━━━━━ PROVIDED INFORMATION ━━━━━

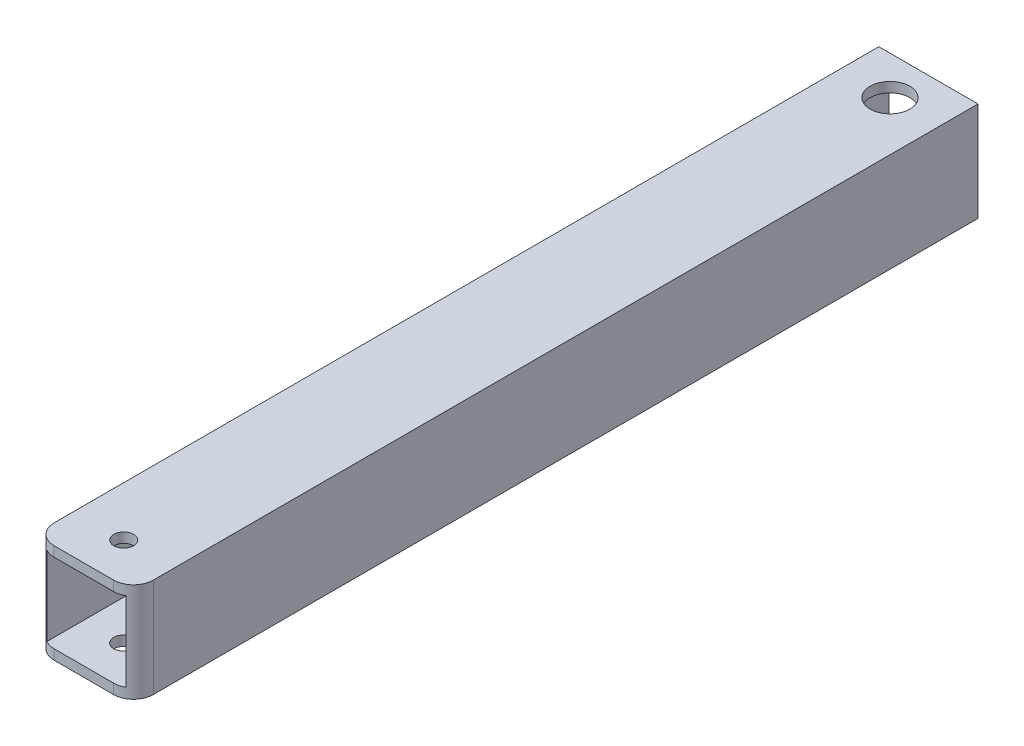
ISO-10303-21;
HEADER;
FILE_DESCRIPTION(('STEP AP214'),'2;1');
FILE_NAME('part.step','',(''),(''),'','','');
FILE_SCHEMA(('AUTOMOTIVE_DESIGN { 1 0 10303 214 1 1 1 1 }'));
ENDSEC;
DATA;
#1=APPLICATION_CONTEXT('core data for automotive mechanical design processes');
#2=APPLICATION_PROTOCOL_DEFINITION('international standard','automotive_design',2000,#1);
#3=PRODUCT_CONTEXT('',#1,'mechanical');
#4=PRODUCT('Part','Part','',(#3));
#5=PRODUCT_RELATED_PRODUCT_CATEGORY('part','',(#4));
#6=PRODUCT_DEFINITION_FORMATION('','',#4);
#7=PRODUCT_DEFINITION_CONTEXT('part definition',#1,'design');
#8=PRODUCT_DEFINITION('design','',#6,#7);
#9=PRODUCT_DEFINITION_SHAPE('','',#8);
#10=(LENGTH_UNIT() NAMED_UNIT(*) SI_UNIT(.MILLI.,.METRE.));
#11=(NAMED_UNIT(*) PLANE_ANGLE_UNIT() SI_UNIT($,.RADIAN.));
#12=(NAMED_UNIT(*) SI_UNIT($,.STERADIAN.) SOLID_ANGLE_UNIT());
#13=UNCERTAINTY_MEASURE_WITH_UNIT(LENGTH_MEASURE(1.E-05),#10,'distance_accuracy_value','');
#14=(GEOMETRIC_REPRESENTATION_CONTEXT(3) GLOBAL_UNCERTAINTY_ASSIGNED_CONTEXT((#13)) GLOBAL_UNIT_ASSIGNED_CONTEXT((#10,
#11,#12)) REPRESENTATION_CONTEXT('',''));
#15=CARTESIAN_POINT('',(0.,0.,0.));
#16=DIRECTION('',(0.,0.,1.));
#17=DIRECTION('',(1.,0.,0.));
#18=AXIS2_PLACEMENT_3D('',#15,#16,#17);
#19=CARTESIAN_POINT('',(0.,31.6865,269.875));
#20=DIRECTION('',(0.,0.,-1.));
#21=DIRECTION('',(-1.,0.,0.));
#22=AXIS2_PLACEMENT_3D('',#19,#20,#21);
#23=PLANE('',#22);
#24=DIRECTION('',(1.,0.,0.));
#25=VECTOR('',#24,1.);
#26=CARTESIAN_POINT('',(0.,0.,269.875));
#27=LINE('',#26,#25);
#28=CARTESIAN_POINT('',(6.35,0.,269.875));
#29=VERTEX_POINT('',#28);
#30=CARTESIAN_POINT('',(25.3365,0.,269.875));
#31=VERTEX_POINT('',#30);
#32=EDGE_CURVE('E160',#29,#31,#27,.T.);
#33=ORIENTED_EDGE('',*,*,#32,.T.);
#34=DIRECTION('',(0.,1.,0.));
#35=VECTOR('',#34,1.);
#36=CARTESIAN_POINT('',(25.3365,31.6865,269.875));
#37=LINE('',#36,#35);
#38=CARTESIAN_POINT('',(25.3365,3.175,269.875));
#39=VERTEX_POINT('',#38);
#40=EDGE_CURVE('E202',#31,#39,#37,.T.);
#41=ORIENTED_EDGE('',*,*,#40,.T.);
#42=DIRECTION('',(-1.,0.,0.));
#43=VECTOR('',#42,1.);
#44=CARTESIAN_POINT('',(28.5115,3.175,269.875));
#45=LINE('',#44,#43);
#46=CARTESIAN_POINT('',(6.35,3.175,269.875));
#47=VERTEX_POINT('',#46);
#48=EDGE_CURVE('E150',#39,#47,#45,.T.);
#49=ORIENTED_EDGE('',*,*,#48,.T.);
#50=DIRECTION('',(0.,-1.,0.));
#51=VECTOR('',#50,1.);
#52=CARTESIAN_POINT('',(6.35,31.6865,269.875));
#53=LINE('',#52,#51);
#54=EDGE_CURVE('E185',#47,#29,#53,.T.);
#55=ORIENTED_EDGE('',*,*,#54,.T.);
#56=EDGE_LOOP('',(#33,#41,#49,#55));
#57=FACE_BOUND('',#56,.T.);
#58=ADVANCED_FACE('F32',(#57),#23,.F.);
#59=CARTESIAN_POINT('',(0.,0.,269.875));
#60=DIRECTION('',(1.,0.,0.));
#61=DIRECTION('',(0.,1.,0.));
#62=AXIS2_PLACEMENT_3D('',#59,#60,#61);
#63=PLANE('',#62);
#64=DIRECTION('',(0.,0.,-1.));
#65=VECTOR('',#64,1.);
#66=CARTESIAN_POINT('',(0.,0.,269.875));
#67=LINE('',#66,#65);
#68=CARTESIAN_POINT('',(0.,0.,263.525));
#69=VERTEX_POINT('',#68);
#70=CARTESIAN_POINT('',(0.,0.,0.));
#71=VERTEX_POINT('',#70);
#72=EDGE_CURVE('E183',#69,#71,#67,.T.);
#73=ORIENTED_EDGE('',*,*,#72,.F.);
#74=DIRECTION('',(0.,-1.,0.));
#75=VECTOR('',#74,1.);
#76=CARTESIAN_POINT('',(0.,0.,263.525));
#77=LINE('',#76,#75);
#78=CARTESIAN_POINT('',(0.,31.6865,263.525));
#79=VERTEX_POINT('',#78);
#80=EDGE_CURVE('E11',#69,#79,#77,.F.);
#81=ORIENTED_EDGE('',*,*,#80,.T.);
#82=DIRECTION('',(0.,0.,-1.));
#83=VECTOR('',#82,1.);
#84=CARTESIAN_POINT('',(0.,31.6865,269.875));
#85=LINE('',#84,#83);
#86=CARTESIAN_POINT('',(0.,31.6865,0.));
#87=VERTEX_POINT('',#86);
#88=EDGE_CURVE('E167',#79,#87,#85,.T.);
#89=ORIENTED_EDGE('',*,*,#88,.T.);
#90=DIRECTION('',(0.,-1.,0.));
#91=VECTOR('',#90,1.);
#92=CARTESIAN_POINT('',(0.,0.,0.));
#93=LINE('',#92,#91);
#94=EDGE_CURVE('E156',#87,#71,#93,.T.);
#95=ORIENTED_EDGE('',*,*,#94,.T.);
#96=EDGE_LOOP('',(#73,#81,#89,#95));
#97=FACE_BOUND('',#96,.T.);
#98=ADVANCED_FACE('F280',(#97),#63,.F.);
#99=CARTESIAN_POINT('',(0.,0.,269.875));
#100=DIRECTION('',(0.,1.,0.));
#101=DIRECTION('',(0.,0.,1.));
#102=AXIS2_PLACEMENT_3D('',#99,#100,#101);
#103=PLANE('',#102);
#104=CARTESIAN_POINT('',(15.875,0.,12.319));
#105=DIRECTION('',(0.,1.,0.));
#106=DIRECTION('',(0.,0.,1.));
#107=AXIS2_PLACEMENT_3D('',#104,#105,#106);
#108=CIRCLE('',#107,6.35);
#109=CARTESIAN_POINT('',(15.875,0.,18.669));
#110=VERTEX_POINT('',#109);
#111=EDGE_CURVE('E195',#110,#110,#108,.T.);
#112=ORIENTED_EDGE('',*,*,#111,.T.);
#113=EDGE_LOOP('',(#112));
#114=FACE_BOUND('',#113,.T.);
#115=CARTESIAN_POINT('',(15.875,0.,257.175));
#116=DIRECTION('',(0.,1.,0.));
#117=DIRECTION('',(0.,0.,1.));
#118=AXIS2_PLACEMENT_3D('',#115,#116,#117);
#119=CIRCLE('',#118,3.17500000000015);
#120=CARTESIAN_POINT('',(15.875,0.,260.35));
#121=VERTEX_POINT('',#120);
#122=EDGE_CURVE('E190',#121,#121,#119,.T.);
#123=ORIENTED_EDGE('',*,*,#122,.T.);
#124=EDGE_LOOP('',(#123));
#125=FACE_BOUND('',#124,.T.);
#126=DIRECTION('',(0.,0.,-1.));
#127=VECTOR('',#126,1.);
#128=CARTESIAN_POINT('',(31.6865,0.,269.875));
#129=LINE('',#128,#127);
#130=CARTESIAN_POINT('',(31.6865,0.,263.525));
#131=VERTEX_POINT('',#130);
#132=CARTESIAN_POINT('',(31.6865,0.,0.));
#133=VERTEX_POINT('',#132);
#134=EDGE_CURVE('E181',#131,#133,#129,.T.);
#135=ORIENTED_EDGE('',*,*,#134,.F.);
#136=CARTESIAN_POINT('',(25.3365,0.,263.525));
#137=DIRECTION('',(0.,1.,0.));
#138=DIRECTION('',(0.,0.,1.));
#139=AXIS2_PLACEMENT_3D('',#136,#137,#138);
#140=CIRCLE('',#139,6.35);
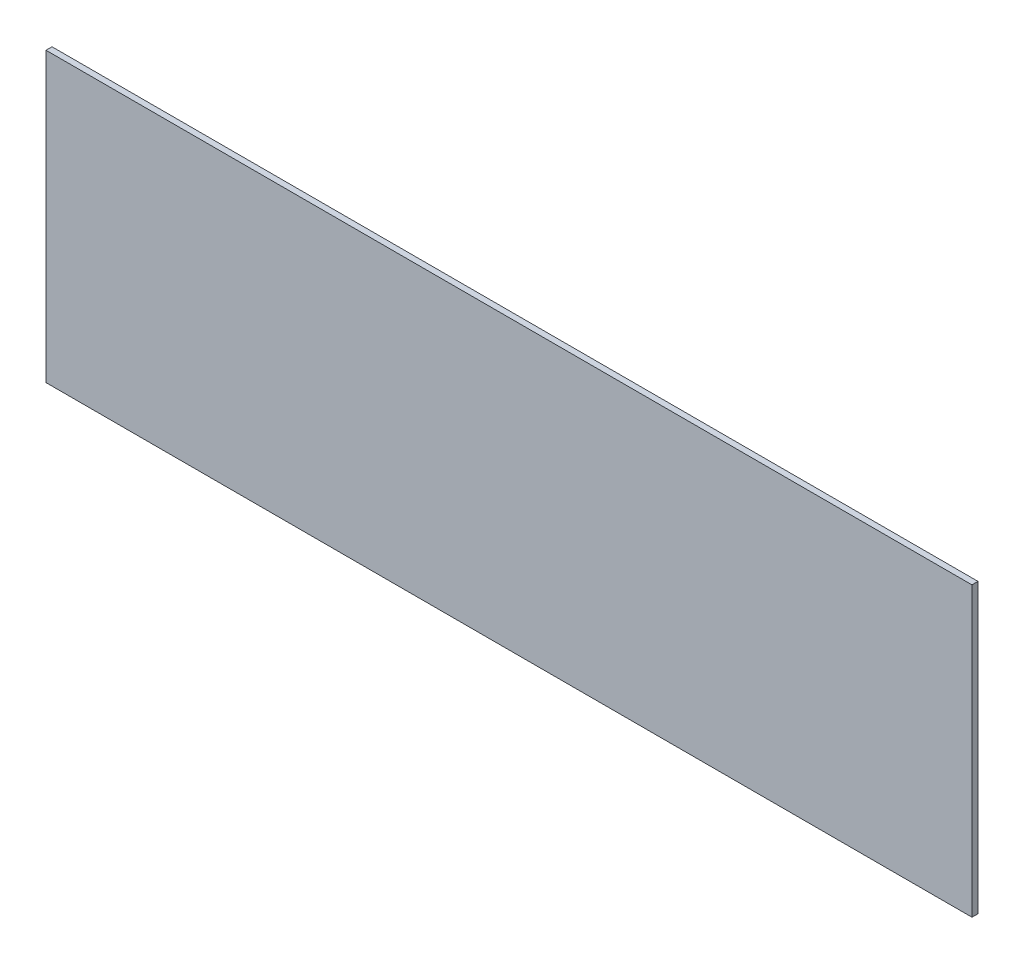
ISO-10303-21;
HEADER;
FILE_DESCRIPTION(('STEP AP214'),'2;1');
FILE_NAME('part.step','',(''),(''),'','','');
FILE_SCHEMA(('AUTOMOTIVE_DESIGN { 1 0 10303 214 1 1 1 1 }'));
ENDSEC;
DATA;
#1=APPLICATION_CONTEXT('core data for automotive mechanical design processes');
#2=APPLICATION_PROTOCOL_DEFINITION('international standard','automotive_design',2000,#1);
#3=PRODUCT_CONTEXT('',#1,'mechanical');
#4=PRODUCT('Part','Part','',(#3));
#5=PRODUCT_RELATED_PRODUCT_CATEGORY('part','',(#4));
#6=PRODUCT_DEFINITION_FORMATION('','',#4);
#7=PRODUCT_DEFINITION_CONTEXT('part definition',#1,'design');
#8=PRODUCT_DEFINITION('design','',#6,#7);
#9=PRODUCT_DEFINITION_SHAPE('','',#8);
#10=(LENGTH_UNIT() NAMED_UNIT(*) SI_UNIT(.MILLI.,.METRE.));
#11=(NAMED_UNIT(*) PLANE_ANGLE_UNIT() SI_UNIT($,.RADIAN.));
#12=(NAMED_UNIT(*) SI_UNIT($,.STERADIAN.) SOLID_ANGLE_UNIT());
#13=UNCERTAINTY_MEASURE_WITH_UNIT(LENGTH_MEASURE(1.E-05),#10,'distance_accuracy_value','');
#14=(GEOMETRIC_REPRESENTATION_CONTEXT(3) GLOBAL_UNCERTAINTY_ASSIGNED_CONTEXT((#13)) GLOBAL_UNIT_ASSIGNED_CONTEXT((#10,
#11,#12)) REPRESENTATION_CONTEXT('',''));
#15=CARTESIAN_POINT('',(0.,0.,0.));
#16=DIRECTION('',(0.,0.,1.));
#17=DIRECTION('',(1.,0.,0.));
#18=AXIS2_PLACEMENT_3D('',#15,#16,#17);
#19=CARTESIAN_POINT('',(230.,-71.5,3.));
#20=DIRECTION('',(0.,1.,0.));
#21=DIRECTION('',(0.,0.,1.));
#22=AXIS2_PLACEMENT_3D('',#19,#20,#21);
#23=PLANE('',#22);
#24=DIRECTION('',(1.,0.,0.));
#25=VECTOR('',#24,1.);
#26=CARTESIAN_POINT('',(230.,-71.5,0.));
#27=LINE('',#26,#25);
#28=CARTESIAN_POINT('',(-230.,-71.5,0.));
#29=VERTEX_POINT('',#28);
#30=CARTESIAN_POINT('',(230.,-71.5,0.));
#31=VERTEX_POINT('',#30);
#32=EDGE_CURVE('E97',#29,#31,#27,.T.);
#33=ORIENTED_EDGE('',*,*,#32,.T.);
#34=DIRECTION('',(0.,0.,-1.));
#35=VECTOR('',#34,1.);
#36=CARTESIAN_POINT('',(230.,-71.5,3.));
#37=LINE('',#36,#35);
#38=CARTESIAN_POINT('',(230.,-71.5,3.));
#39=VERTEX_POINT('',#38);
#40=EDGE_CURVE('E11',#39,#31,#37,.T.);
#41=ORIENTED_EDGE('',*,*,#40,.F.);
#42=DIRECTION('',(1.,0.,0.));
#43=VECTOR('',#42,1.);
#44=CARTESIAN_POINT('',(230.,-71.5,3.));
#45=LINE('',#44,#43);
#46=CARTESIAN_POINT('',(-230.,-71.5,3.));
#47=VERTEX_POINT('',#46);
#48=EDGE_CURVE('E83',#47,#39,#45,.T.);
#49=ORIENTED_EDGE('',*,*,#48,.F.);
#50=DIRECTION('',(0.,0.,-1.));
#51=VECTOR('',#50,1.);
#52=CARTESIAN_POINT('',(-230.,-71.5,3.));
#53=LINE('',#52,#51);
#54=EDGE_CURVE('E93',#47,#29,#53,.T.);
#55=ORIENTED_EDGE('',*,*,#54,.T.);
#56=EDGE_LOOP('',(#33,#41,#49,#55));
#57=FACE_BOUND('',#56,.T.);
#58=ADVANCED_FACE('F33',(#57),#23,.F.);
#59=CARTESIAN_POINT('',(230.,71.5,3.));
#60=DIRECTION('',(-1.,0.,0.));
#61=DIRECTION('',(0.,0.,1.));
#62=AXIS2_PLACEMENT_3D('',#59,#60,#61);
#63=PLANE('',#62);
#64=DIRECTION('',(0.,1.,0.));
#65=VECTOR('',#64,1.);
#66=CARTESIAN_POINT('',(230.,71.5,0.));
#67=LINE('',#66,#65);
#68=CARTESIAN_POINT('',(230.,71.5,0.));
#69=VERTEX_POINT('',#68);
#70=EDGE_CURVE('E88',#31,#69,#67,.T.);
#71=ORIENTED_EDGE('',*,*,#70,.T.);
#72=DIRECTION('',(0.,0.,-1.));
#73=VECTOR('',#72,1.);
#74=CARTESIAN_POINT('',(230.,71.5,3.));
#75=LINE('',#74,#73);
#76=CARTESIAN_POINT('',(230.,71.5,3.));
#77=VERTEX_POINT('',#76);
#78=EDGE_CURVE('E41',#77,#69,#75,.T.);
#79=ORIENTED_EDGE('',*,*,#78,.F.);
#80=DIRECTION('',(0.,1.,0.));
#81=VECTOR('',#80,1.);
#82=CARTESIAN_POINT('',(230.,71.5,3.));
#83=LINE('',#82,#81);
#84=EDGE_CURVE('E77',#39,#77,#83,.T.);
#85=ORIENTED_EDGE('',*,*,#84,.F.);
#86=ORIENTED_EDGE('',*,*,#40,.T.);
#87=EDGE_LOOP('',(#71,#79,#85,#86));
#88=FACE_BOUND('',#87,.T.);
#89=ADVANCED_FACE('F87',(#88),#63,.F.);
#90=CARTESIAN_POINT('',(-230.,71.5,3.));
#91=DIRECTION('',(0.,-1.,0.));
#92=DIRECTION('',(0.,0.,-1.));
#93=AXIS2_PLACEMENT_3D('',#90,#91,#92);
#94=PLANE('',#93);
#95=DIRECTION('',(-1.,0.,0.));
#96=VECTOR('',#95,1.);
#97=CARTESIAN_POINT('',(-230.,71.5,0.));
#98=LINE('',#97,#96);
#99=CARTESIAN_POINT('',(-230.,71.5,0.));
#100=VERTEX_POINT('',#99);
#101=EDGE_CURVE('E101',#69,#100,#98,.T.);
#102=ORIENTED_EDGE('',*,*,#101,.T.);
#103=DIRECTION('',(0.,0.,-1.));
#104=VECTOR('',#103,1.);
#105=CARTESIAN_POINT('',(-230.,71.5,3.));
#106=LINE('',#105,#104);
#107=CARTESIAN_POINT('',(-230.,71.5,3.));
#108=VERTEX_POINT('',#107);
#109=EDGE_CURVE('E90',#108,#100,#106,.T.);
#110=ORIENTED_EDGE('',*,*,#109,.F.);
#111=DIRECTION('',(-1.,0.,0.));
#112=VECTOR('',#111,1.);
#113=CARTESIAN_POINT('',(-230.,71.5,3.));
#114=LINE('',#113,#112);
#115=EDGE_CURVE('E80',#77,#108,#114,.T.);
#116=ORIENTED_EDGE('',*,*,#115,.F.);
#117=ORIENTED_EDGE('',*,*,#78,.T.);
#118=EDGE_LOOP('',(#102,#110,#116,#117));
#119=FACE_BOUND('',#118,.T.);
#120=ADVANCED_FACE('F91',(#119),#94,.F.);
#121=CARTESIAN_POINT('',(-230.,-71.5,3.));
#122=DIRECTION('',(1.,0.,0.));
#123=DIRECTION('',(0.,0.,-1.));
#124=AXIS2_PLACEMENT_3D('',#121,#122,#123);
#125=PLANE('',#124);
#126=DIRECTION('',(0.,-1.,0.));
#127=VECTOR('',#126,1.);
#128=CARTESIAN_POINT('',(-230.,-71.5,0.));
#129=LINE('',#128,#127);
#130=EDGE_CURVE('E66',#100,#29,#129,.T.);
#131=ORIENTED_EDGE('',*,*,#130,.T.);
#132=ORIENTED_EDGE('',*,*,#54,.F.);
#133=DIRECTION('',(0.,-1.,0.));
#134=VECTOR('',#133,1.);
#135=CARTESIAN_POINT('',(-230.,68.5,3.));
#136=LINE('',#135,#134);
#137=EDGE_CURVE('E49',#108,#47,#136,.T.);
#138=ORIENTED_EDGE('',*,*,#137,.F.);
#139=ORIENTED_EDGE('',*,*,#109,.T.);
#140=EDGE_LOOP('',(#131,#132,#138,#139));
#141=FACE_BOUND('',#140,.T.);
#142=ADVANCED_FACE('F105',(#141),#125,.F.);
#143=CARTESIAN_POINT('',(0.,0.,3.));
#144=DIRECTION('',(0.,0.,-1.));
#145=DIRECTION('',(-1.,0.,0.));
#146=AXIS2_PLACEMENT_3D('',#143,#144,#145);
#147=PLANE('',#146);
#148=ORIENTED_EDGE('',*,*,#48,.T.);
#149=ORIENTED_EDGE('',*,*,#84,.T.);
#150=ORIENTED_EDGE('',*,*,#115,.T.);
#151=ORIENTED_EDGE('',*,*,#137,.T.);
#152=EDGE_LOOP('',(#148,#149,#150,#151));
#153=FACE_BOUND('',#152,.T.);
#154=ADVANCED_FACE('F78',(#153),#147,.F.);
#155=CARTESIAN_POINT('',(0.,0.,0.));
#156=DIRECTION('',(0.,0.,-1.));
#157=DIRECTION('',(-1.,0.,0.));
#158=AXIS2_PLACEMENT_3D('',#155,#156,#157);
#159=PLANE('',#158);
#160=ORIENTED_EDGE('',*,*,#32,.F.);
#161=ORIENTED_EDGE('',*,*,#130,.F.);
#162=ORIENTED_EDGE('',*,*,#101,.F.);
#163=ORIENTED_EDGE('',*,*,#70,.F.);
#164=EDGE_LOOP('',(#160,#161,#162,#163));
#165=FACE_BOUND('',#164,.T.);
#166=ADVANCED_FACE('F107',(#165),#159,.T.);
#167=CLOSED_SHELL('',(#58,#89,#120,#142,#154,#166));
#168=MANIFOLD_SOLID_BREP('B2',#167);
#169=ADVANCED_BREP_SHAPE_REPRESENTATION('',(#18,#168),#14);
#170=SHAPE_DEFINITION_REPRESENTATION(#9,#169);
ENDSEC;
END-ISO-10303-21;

━━━━━

# [TASK PROMPT]
In the entries above, please find the line with "#86=ORIENTED_EDGE('',*,*,#40,.T.);" and the line with "#92=DIRECTION('',(0.,0.,-1.));", then write out exactly those two lines and every line between them, and nothing more.

# [ANSWER FOR THIS EXERCISE]
#86=ORIENTED_EDGE('',*,*,#40,.T.);
#87=EDGE_LOOP('',(#71,#79,#85,#86));
#88=FACE_BOUND('',#87,.T.);
#89=ADVANCED_FACE('F87',(#88),#63,.F.);
#90=CARTESIAN_POINT('',(-230.,71.5,3.));
#91=DIRECTION('',(0.,-1.,0.));
#92=DIRECTION('',(0.,0.,-1.));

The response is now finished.